He doesn’t elaborate, but Ansel can imagine how that small and silent life might appeal to him—the whole day’s work just climbing on his slow, sure feet over some mossy rock, waiting for the tide to fill the pools and bring his dinner to him, watching as the sky darkens and the sea falls away slowly from the crevice where he hides himself. Richie thinks a lot about dying. More than Ansel thinks is normal for a boy his age, though what does he know? Lately the thought that consoles him is that after he dies he’ll get to return to the world as something else, something utterly unlike his human self. It isn’t much consolation. When he’s a hermit crab or a harbor seal or some patch of dark, wet moss on the side of a salt-crusted rock, he’s sure he won’t remember who he was before, which means he’ll be no less gone, really, than he would be if he had passed out of existence into simple oblivion.

The bombs have miles to fall, singing, to their targets.

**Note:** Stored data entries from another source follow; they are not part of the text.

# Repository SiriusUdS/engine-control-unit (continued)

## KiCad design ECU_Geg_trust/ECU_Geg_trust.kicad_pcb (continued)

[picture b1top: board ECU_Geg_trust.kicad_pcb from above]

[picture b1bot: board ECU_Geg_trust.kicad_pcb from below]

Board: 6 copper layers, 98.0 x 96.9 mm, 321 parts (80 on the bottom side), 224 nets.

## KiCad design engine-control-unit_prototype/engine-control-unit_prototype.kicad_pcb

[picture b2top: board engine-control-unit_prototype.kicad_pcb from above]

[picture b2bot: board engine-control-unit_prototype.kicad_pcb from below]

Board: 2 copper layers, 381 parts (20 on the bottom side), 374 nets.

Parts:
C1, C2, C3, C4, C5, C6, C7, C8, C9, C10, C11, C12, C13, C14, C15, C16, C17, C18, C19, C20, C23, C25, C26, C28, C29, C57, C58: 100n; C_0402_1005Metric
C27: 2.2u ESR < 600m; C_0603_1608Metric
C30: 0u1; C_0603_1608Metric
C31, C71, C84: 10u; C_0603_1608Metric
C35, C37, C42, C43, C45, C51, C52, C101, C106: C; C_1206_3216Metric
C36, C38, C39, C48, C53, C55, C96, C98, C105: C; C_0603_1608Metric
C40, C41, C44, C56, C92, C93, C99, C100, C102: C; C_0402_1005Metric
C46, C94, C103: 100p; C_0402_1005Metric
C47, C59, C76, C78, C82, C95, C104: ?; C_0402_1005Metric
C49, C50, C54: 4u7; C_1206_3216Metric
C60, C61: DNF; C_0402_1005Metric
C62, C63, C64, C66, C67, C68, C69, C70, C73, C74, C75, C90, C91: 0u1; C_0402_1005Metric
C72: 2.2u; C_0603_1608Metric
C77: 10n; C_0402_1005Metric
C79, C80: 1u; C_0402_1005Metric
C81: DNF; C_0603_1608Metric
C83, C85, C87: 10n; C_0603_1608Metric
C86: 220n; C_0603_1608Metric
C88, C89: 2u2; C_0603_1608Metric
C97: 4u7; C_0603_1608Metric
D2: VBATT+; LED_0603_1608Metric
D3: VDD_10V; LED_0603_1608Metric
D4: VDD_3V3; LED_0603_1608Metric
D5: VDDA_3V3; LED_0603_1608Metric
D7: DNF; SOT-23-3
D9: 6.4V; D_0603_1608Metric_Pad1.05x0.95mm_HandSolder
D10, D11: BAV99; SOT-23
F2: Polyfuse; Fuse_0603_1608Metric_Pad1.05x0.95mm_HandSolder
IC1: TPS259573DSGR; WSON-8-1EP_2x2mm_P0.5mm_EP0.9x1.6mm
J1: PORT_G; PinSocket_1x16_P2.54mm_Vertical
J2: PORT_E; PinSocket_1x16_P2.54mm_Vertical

They reach the earth tiny as flower seeds and rise in instantaneous blossom, the color of marigolds.

He’s run a long way up the beach now, his father lagging far behind him. There’s no one else around—just seaweed and driftwood and gulls, the cold water the color of wet stone, the low ceiling of dark gray clouds and the long, curving line of the shore. With so little to place his tiny body in its proper scale, he looks to Ansel like a deranged old man, stooped with arthritis, thrusting his hands again and again into the water as if to wash away some invisible stain.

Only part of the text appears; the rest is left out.